I evaluated the following tools:

  1. Tika-python. This is a Python wrapper for Apache Tika (which itself is a Java application). Apache Tika is a toolkit for text and metadata extraction from a wide range of file formats, including EPUB.

  2. Textract. This offers text extraction functionality that is similar to Tika, but unlike Tika, Textract is natively written in Python.

  3. EbookLib. This is a Python library for reading and writing E-books in various formats, including EPUB (both EPUB 2 en EPUB 3). EbookLib is also the E-book library that is used by Textract.

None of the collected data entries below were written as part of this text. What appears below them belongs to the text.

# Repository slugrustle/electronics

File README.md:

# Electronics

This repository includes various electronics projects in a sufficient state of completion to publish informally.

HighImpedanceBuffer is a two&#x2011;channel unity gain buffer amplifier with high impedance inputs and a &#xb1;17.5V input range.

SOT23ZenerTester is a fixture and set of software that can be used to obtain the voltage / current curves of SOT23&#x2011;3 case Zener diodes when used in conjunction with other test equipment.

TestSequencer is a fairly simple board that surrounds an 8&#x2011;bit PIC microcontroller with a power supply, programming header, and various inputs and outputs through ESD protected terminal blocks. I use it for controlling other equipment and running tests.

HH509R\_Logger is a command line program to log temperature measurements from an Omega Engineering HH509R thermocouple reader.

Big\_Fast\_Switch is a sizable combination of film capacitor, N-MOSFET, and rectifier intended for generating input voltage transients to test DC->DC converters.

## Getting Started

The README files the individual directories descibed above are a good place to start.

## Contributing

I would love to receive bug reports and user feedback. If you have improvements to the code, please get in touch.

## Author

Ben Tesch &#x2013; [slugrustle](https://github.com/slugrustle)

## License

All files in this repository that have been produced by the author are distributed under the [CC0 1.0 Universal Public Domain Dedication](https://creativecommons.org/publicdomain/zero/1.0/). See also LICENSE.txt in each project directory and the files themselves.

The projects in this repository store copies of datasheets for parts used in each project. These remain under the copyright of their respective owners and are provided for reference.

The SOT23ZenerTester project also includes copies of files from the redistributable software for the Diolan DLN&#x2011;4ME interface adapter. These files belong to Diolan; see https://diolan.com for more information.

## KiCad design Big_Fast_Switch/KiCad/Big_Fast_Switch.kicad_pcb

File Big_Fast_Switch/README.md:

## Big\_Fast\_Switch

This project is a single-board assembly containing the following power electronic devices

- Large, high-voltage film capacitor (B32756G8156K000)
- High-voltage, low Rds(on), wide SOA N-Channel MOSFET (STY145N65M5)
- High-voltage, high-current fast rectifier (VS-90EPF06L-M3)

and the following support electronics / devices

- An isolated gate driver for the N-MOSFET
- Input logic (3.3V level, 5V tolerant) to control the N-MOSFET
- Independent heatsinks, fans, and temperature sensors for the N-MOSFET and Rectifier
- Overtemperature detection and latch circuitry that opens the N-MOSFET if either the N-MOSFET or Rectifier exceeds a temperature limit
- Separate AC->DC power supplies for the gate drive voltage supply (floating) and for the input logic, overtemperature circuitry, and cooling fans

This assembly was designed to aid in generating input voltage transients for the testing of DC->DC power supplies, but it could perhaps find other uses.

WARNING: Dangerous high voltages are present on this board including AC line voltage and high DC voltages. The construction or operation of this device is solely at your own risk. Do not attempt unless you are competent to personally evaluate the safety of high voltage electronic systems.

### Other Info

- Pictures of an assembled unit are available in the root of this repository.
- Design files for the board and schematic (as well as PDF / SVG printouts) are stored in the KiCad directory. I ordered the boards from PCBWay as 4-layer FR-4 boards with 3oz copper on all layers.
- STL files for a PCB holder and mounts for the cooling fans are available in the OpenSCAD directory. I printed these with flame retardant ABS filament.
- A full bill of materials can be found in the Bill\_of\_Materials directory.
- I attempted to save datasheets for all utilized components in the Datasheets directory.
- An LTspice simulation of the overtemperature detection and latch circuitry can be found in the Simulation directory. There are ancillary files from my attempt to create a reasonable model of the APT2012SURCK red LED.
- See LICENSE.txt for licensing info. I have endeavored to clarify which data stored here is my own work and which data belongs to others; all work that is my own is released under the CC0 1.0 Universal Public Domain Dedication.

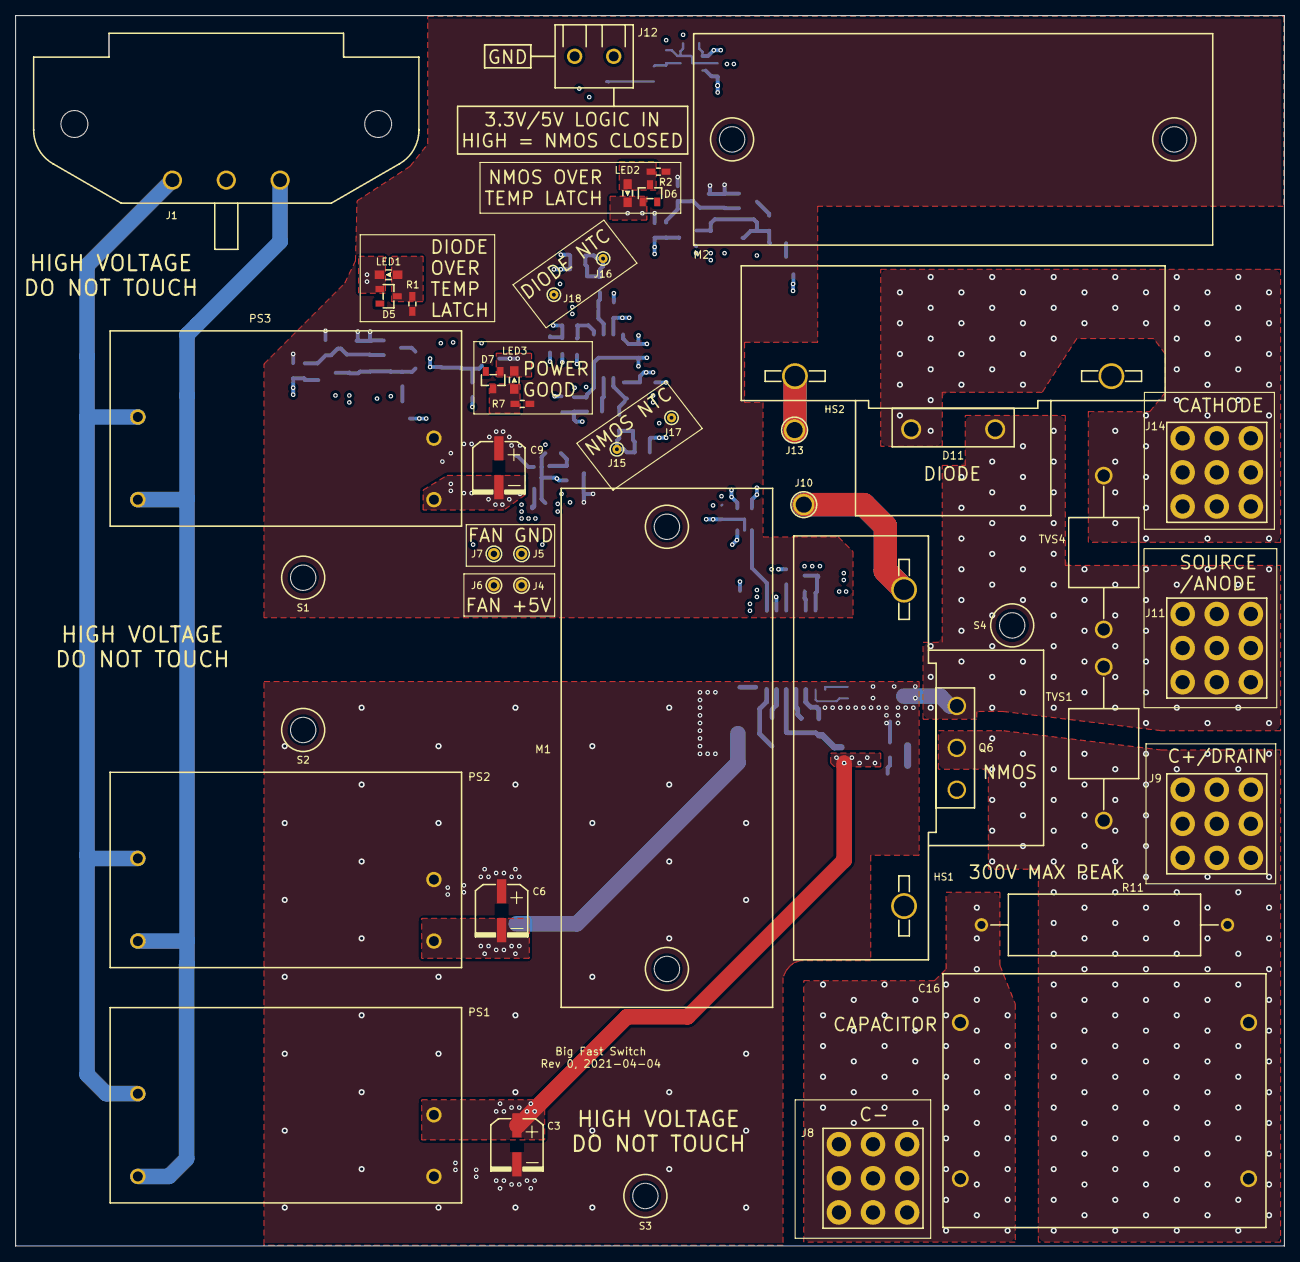
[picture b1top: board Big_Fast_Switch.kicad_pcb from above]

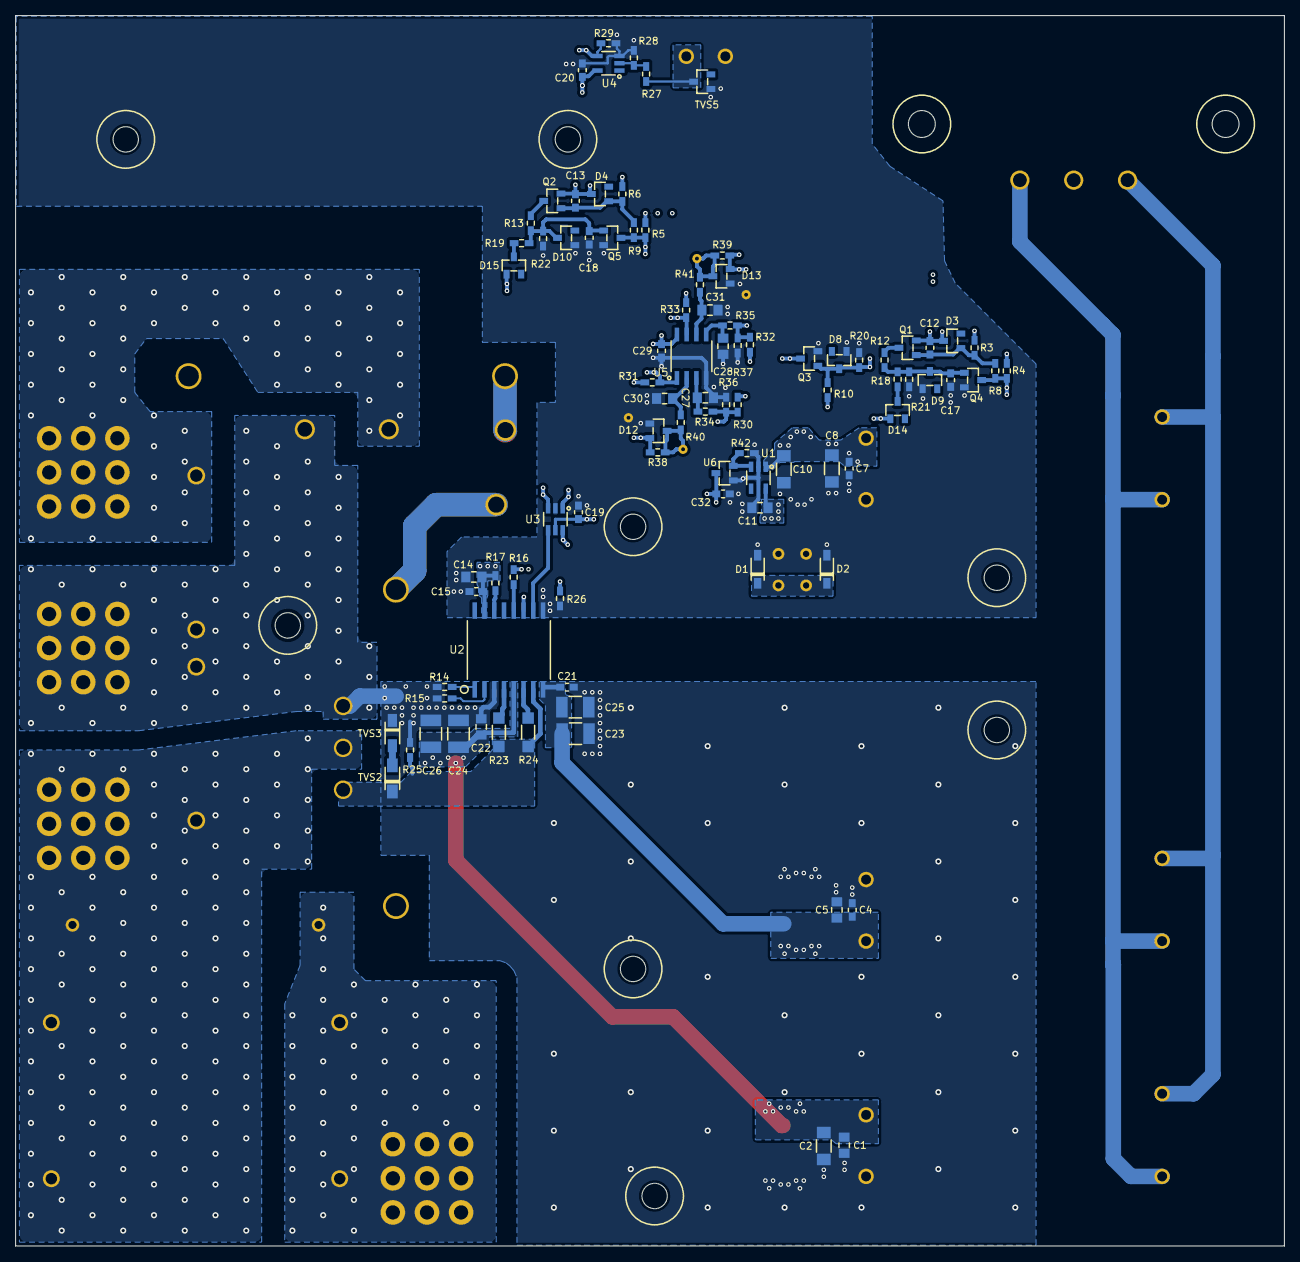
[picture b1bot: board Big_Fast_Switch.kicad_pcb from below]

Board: 4 copper layers, 165.0 x 160.0 mm, 136 parts (91 on the bottom side), 52 nets.

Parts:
C1, C22: 100n; C0805
C2, C8, C10: 2.2u; C1206
C3, C6, C9: 25SVPF47M; SVPF_C26
C4, C7, C15, C19, C20, C21, C29, C32: 100n; C0603
C5, C11, C14: 2.2u; C0805
C12, C13, C17, C18: 10n; C0603
C16: B32756G8156K000; B32756G
C23, C24, C25, C26: 10u; C1210
C27, C28: 4.7u; C0805
C30, C31: 1u; C0805
D1, D2: 1N4448W; SOD-123
D3, D4, D5, D6, D7, D8, D9, D10: BAS16; SOT-23-3
D11: VS-90EPF06L-M3; TO-247AD_2L
D12, D13: BAV199; SOT-23-3
D14, D15: BAS70; SOT-23-3
HS1, HS2: PA-T21-38E
J1: 703W-00-52
J4, J5, J6, J7: 26AWG_Stranded
J8, J9, J11, J14: 74651194R
J10, J13: 16AWG_Stranded
J12: 282837-2
J15, J16, J17, J18: 30AWG_Solid
LED1, LED2, LED3: APT2012SURCK
M1, M2: Fan_Mount
PS1: MPM-05-15; MPM-05
PS2: MPM-05-3.3; MPM-05
PS3: MPM-05-5; MPM-05
Q1, Q2: MMBT3906; SOT-23-3
Q3, Q4, Q5: MMBT3904; SOT-23-3
Q6: STY145N65M5; MAX247
R1, R2, R7: 620; R0603
R3, R6, R21, R22: 33k; R0603
R4, R5, R25, R34, R35, R40, R41: 10k; R0603
R8, R9: 43k; R0603
R10: 3.9k; R0603
R11: 47k; ROX5S
R12, R13: 6.2k; R0603
R14, R15: 100; R0603
R16, R27: 22; R0603
R17, R26: 1k; R0603
R18, R19: 2.7k; R0603
R20: 56k; R0603
R23: 2.7; R1206
R24: 1; R1206
R28, R29, R42: 100k; R0603
R30, R32, R36, R37, R38, R39: 523; R0603
R31, R33: 7.5k; R0603
S1, S2, S3, S4: Screw_#4
TVS1, TVS4: 30KPA300CA; 30KPA_Bidir
TVS2: SMF15A-E3-08; SMF
TVS3: PTVS3V3S1UR; SOD-123W
TVS5: DLP05LC; SOT-23-3
U1: MIC5225-3.3YM5; SOT-23-5
U2: UCC21750; UCC21750DW
U3: SN74LVC1G11DBVR; SOT-23-6
U4: SN74LVC1G17DBVR; SOT-23-5
U5: LMV762MA; SOIC-8
U6: TPS3839G33DBZR; SOT-23-3

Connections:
/3V3: C11.2, C14.2, C15.2, C19.1, C20.1, C29.1, D12.2, D13.2, R10.1, R17.1, R30.1, R32.1, R38.1, R39.1, U1.5, U2.15, U3.5, U4.5, U5.8
/5V: C7.2, C8.2, C9.1, C10.2, C12.2, C13.2, C32.2, D1.1, D2.1, D3.3, D4.3, J4.1, J6.1, PS3.4, Q1.2, Q2.2, R1.1, R2.1, R3.1, R4.1, R5.1, R6.1, R7.1, U1.1, U6.3
/15V: C1.2, C2.2, C3.1, C22.2, C24.2, C26.2, PS1.4, U2.5
/-3V3: C4.1, C5.1, C6.2, C21.1, C23.1, C25.1, PS2.3, U2.8
/C+_Drain: C16.2, J9.1, Q6.2, R11.2, TVS1.1
/C-: C16.1, J8.1, R11.1
/Cathode: D11.1, J14.1, TVS4.2
/OT_DIODE: D14.1, R33.1, U5.7
/OT_NMOS: D15.1, R31.1, U5.1
/~DIODE_LATCH: D5.1, LED1.1, Q4.3, R4.2, R8.2, U3.6
/~NMOS_LATCH: D6.1, LED2.1, Q5.3, R5.2, R9.2, U3.1
GND1: C7.1, C8.1, C9.2, C10.1, C11.1, C14.1, C15.1, C17.1, C18.1, C19.2, C20.2, C27.1, C28.1, C29.2, C30.1, C31.1, C32.1, D1.2, D2.2, D8.1, D9.1, D10.1, D12.1, D13.1, J5.1, J7.1, J12.2, J17.1, J18.1, PS3.3, Q3.2, Q4.2, Q5.2, R20.2, R21.2, R22.2, R26.2, R28.2, R29.2, R36.2, R37.2, R42.2, TVS5.1, U1.2, U2.9, U3.2, U4.3, U5.4, U6.1
GND2: C1.1, C2.1, C3.2, C4.2, C5.2, C6.1, C21.2, C22.1, C23.2, C24.1, C25.2, C26.1, D11.2, J11.1, PS1.3, PS2.4, Q6.3, R14.1, R15.1, R25.2, TVS1.2, TVS3.1, TVS4.1, U2.3
unnamed: C12.1, D3.1, Q1.1, R3.2, R8.1
unnamed: C13.1, D4.1, Q2.1, R6.2, R9.1
unnamed: C17.2, D9.3, Q4.1, R12.2, R18.1, R21.1
unnamed: C18.2, D10.3, Q5.1, R13.2, R19.1, R22.1
unnamed: C27.2, R34.1, U5.3
unnamed: C28.2, R35.1, U5.5
unnamed: C30.2, R40.1, U5.2
unnamed: C31.2, R41.1, U5.6
unnamed: D5.3, LED1.2, R1.2
unnamed: D6.3, LED2.2, R2.2
unnamed: D7.1, LED3.1, Q3.3
unnamed: D7.3, LED3.2, R7.2
unnamed: D8.3, Q3.1, R10.2, R16.2, R20.1
unnamed: D12.3, J15.1, R38.2, R40.2
unnamed: D13.3, J16.1, R39.2, R41.2
unnamed: D14.3, R18.2
unnamed: D15.3, R19.2
unnamed: HS1.2, J10.1
unnamed: HS2.1, J13.1
unnamed: J1.1, PS1.1, PS2.1, PS3.1
unnamed: J1.3, PS1.2, PS2.2, PS3.2
unnamed: J12.1, R27.2, TVS5.3
unnamed: Q1.3, R12.1
unnamed: Q2.3, R13.1
unnamed: Q6.1, R23.1, R24.1, R25.1, TVS2.1, U2.7
unnamed: R14.2, U2.1
unnamed: R15.2, U2.2
unnamed: R16.1, U2.12
unnamed: R17.2, U2.14
unnamed: R23.2, U2.4
unnamed: R24.2, U2.6
unnamed: R26.1, U2.11
unnamed: R27.1, R28.1, U4.2
unnamed: R29.1, U3.3, U4.4
unnamed: R30.2, R31.2, R34.2, R36.1
unnamed: R32.2, R33.2, R35.2, R37.1
unnamed: R42.1, U1.3, U6.2
unnamed: TVS2.2, TVS3.2
unnamed: U2.10, U3.4

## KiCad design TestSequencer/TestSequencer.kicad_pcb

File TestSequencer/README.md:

## Test Sequencer

This project surrounds an 8&#x2011;bit PIC microcontroller (PIC16F15324) with

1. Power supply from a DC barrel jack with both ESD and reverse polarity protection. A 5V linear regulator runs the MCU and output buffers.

The following table shows the versions of these tools that I used in my tests:

Software Version
Tika-python 2.6.0
Textract 1.6.5
EbookLib 0.18

Test environment and data

For all of my tests I used a simple desktop PC running Linux Mint 20.1 (Ulyssa), MATE edition, with Python 3.8.10.

I used two data sets:

  1. A selection of 15 files in EPUB 2.0.1 format from the KB’s DBNL (Digital Library for Dutch Literature) collection.
  2. A selection of 10 files in EPUB 3.2 format from Standard Ebooks.

All files in both data sets are structurally valid EPUB (2.0.1 / 3.2): validation with EPUBCheck 4.2.6 didn’t result in any reported errors or warnings1.

Tika-python

After installing Tika-python, as a first test I tried to write a minimal code snippet that extracts the text from one single EPUB, and then writes the result as UTF-8 encoded text to a file. Following Tika-python’s README (the example under “Parser Interface”), I started out with with this:

#! /usr/bin/env python3

import tika
from tika import parser

fileIn = "berk011veel01_01.epub"
fileOut = "berk011veel01_01.txt"

parsed = parser.from_file(fileIn)
content = parsed["content"]

with open(fileOut, 'w', encoding='utf-8') as fout:
    fout.write(content)

Metadata strings in text output

Inspection of the resulting output file showed a succession of text strings with the names of embedded fonts towards the end of the file. As an example:

Charis SIL Bold Italic

::
::

Charis SIL Small Caps

When I ran Tika (the Java application) directly without using the Tika-python wrapper, results were as expected. A closer inspection of the Tika-python source code showed that Tika-python’s parsing of the Tika output doesn’t quite work the way it should, with the result that extracted metadata is erroneously included in the text output.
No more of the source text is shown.